#### Records provided:
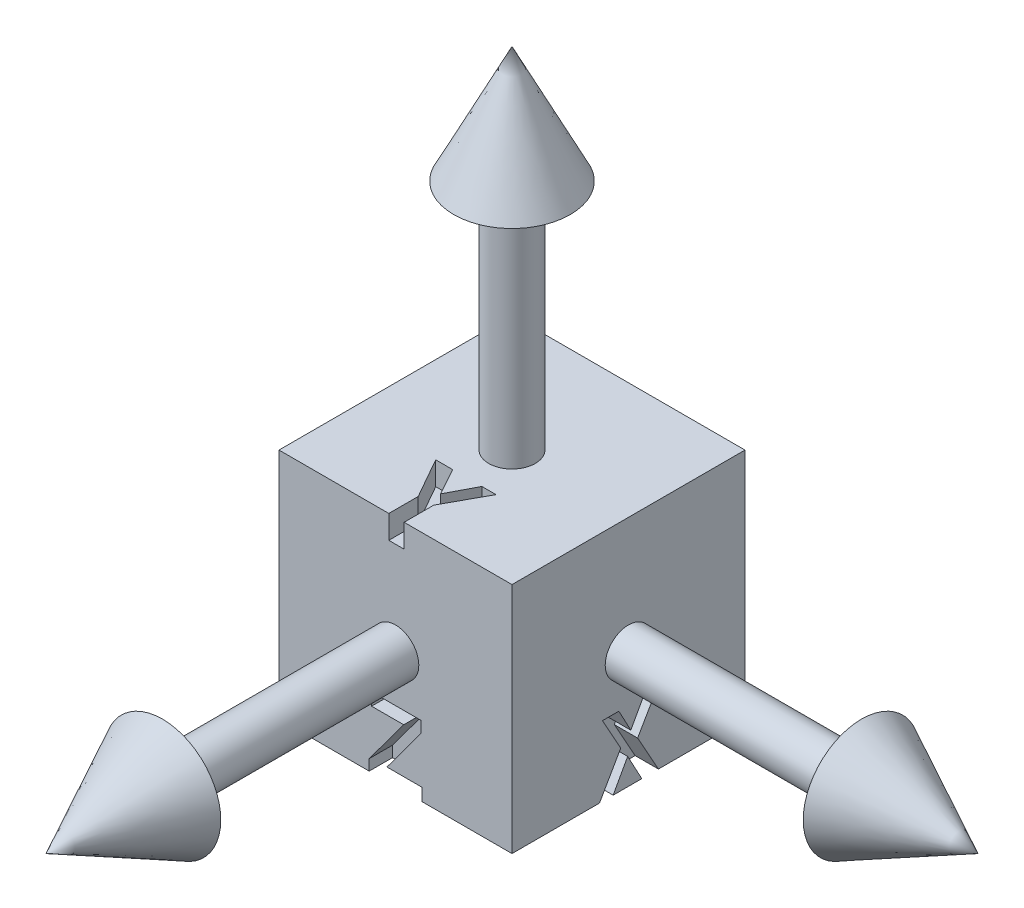
from build123d import *

# Parameters (mm, degrees)
BODY_MOVE_COPY1_ANGLE    = 90
BODY_MOVE_COPY2_ANGLE    = 90
BOSS_EXTRUDE2_DEPTH      = 25
BOSS_EXTRUDE2_DEPTH_BACK = 25
SKETCH6_W                = 50
SKETCH6_H                = 50
CUT_EXTRUDE1_DEPTH       = 5
CUT_EXTRUDE2_DEPTH       = 5
CUT_EXTRUDE3_DEPTH       = 5


with BuildPart() as part:
    # Sketch4 → Revolve1 (revolve)
    with BuildSketch(Plane.XY):
        Polygon((0, 100), (0, 0), (5, 0), (5, 75), (12.5, 75), align=None)
    revolve(axis=Axis((0, 100, 0), (0, -1, 0)))


with BuildPart() as body_2:
    # Sketch5 → Revolve2 (revolve)
    with BuildSketch(Plane.XY):
        with BuildLine():
            Line((0, 10), (0, -10))
            ThreePointArc((0, -10), (10, 0), (0, 10))
        make_face()
    revolve(axis=Axis((0, 10, 0), (0, -1, 0)))


with BuildPart() as body_3:
    # Body-Move/Copy1: copy of part
    add(part.part.rotate(Axis((0, 0, 0), (0, 0, -1)), BODY_MOVE_COPY1_ANGLE))


with BuildPart() as body_4:
    # Body-Move/Copy2: copy of part
    add(part.part.rotate(Axis((0, 0, 0), (1, 0, 0)), BODY_MOVE_COPY2_ANGLE))


with BuildPart() as body_5:
    # Sketch6 → Boss-Extrude2 (new, two sides: drawn at the far end of the back side and taken through both)
    with BuildSketch(Plane(origin=(0, 0, 0), x_dir=(1, 0, 0), z_dir=(0, 1, 0)).offset(-BOSS_EXTRUDE2_DEPTH_BACK)):
        Rectangle(SKETCH6_W, SKETCH6_H)
    extrude(amount=BOSS_EXTRUDE2_DEPTH + BOSS_EXTRUDE2_DEPTH_BACK)

    # Sketch7 → Cut-Extrude1 (cut)
    with BuildSketch(Plane(origin=(0, 25, 0), x_dir=(1, 0, 0), z_dir=(0, 1, 0))):
        Polygon((1.849315068, -25), (-1.438356164, -25), (-1.438356164, -18.691138699), (-6.369863014, -10), (-2.71297089, -10), (0.478381849, -15.811215753), (3.534888699, -10), (6.575342466, -10), (1.849315068, -18.630136986), align=None)
    extrude(amount=-CUT_EXTRUDE1_DEPTH, mode=Mode.SUBTRACT)

    # Sketch8 → Cut-Extrude2 (cut)
    with BuildSketch(Plane(origin=(25, 0, 0), x_dir=(0, 0, -1), z_dir=(1, 0, 0))):
        Polygon((6.421232877, -25), (2.854238014, -25), (-0.183005137, -19.346104452), (-3.294092466, -25), (-6.215753425, -25), (-1.669520548, -17.056934932), (-5.599315068, -10), (-2.06442637, -10), (0.494434932, -14.812714041), (3.152825342, -10), (6.010273973, -10), (1.958476027, -17.005565068), align=None)
    extrude(amount=-CUT_EXTRUDE2_DEPTH, mode=Mode.SUBTRACT)

    # Sketch9 → Cut-Extrude3 (cut)
    with BuildSketch(Plane.XY.offset(25)):
        Polygon((5.650684932, -22.328767123), (5.650684932, -25), (-5.650684932, -25), (-5.650684932, -22.675513699), (1.762628425, -12.671232877), (-5.130565068, -12.671232877), (-5.130565068, -10), (5.438784247, -10), (5.438784247, -12.472174658), (-1.836472603, -22.328767123), align=None)
    extrude(amount=-CUT_EXTRUDE3_DEPTH, mode=Mode.SUBTRACT)


solid = Compound([part.part, body_2.part, body_3.part, body_4.part, body_5.part])
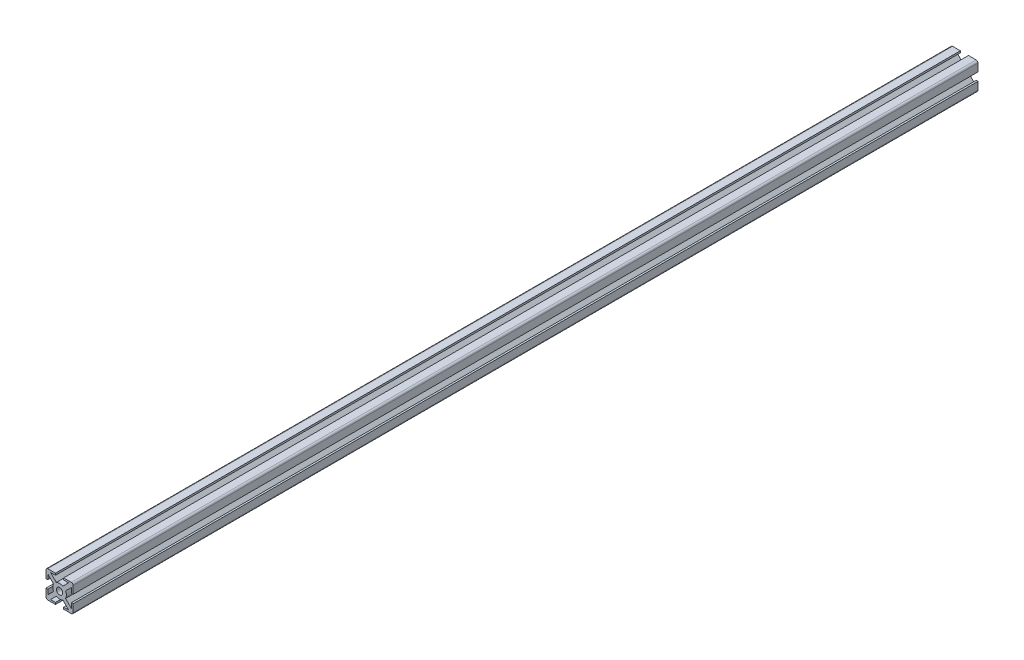
from build123d import *

# Parameters (mm, degrees)
ESBO_O1_R                = 3.5
RESSALTO_EXTRUS_O1_DEPTH = 1000


with BuildPart() as part:
    # Esboço1 → Ressalto-extrusão1 (new body)
    with BuildSketch(Plane.XY):
        with BuildLine():
            Line((-8.822717355, -18.99621233), (-2.409464842, -25.409464842))
            Line((-2.409464842, -25.409464842), (-2.409464842, -19.909464842))
            Line((-2.409464842, -19.909464842), (-0.409464842, -19.909464842))
            Line((-0.409464842, -19.909464842), (-0.409464842, -28.409464842))
            ThreePointArc((-0.409464842, -28.409464842), (-0.99525128, -29.823678405), (-2.409464842, -30.409464842))
            Line((-2.409464842, -30.409464842), (-10.909464842, -30.409464842))
            Line((-10.909464842, -30.409464842), (-10.909464842, -28.409464842))
            Line((-10.909464842, -28.409464842), (-5.409464842, -28.409464842))
            Line((-5.409464842, -28.409464842), (-11.822717355, -21.99621233))
            ThreePointArc((-11.822717355, -21.99621233), (-15.409464842, -22.909464842), (-18.99621233, -21.99621233))
            Line((-18.99621233, -21.99621233), (-25.409464842, -28.409464842))
            Line((-25.409464842, -28.409464842), (-19.909464842, -28.409464842))
            Line((-19.909464842, -28.409464842), (-19.909464842, -30.409464842))
            Line((-19.909464842, -30.409464842), (-28.409464842, -30.409464842))
            ThreePointArc((-28.409464842, -30.409464842), (-29.823678405, -29.823678405), (-30.409464842, -28.409464842))
            Line((-30.409464842, -28.409464842), (-30.409464842, -19.909464842))
            Line((-30.409464842, -19.909464842), (-28.409464842, -19.909464842))
            Line((-28.409464842, -19.909464842), (-28.409464842, -25.409464842))
            Line((-28.409464842, -25.409464842), (-21.99621233, -18.99621233))
            ThreePointArc((-21.99621233, -18.99621233), (-22.909464842, -15.409464842), (-21.99621233, -11.822717355))
            Line((-21.99621233, -11.822717355), (-28.409464842, -5.409464842))
            Line((-28.409464842, -5.409464842), (-28.409464842, -10.909464842))
            Line((-28.409464842, -10.909464842), (-30.409464842, -10.909464842))
            Line((-30.409464842, -10.909464842), (-30.409464842, -2.409464842))
            ThreePointArc((-30.409464842, -2.409464842), (-29.823678405, -0.99525128), (-28.409464842, -0.409464842))
            Line((-28.409464842, -0.409464842), (-19.909464842, -0.409464842))
            Line((-19.909464842, -0.409464842), (-19.909464842, -2.409464842))
            Line((-19.909464842, -2.409464842), (-25.409464842, -2.409464842))
            Line((-25.409464842, -2.409464842), (-18.99621233, -8.822717355))
            ThreePointArc((-18.99621233, -8.822717355), (-15.409464842, -7.909464842), (-11.822717355, -8.822717355))
            Line((-11.822717355, -8.822717355), (-5.409464842, -2.409464842))
            Line((-5.409464842, -2.409464842), (-10.909464842, -2.409464842))
            Line((-10.909464842, -2.409464842), (-10.909464842, -0.409464842))
            Line((-10.909464842, -0.409464842), (-2.409464842, -0.409464842))
            ThreePointArc((-2.409464842, -0.409464842), (-0.99525128, -0.99525128), (-0.409464842, -2.409464842))
            Line((-0.409464842, -2.409464842), (-0.409464842, -10.909464842))
            Line((-0.409464842, -10.909464842), (-2.409464842, -10.909464842))
            Line((-2.409464842, -10.909464842), (-2.409464842, -5.409464842))
            Line((-2.409464842, -5.409464842), (-8.822717355, -11.822717355))
            ThreePointArc((-8.822717355, -11.822717355), (-7.909464842, -15.409464842), (-8.822717355, -18.99621233))
        make_face()
        with Locations((-15.409464842, -15.409464842)):
            Circle(ESBO_O1_R, mode=Mode.SUBTRACT)
    extrude(amount=-RESSALTO_EXTRUS_O1_DEPTH)


solid = part.part

#### The task:
Above are the records; repeat exactly the lines from the one holding "-0.99525128), (-28.409464842, -0.409464842))" down to the one holding "-2.409464842), (-10.909464842, -0.409464842))", end lines included.

#### Exercise output:
            ThreePointArc((-30.409464842, -2.409464842), (-29.823678405, -0.99525128), (-28.409464842, -0.409464842))
            Line((-28.409464842, -0.409464842), (-19.909464842, -0.409464842))
            Line((-19.909464842, -0.409464842), (-19.909464842, -2.409464842))
            Line((-19.909464842, -2.409464842), (-25.409464842, -2.409464842))
            Line((-25.409464842, -2.409464842), (-18.99621233, -8.822717355))
            ThreePointArc((-18.99621233, -8.822717355), (-15.409464842, -7.909464842), (-11.822717355, -8.822717355))
            Line((-11.822717355, -8.822717355), (-5.409464842, -2.409464842))
            Line((-5.409464842, -2.409464842), (-10.909464842, -2.409464842))
            Line((-10.909464842, -2.409464842), (-10.909464842, -0.409464842))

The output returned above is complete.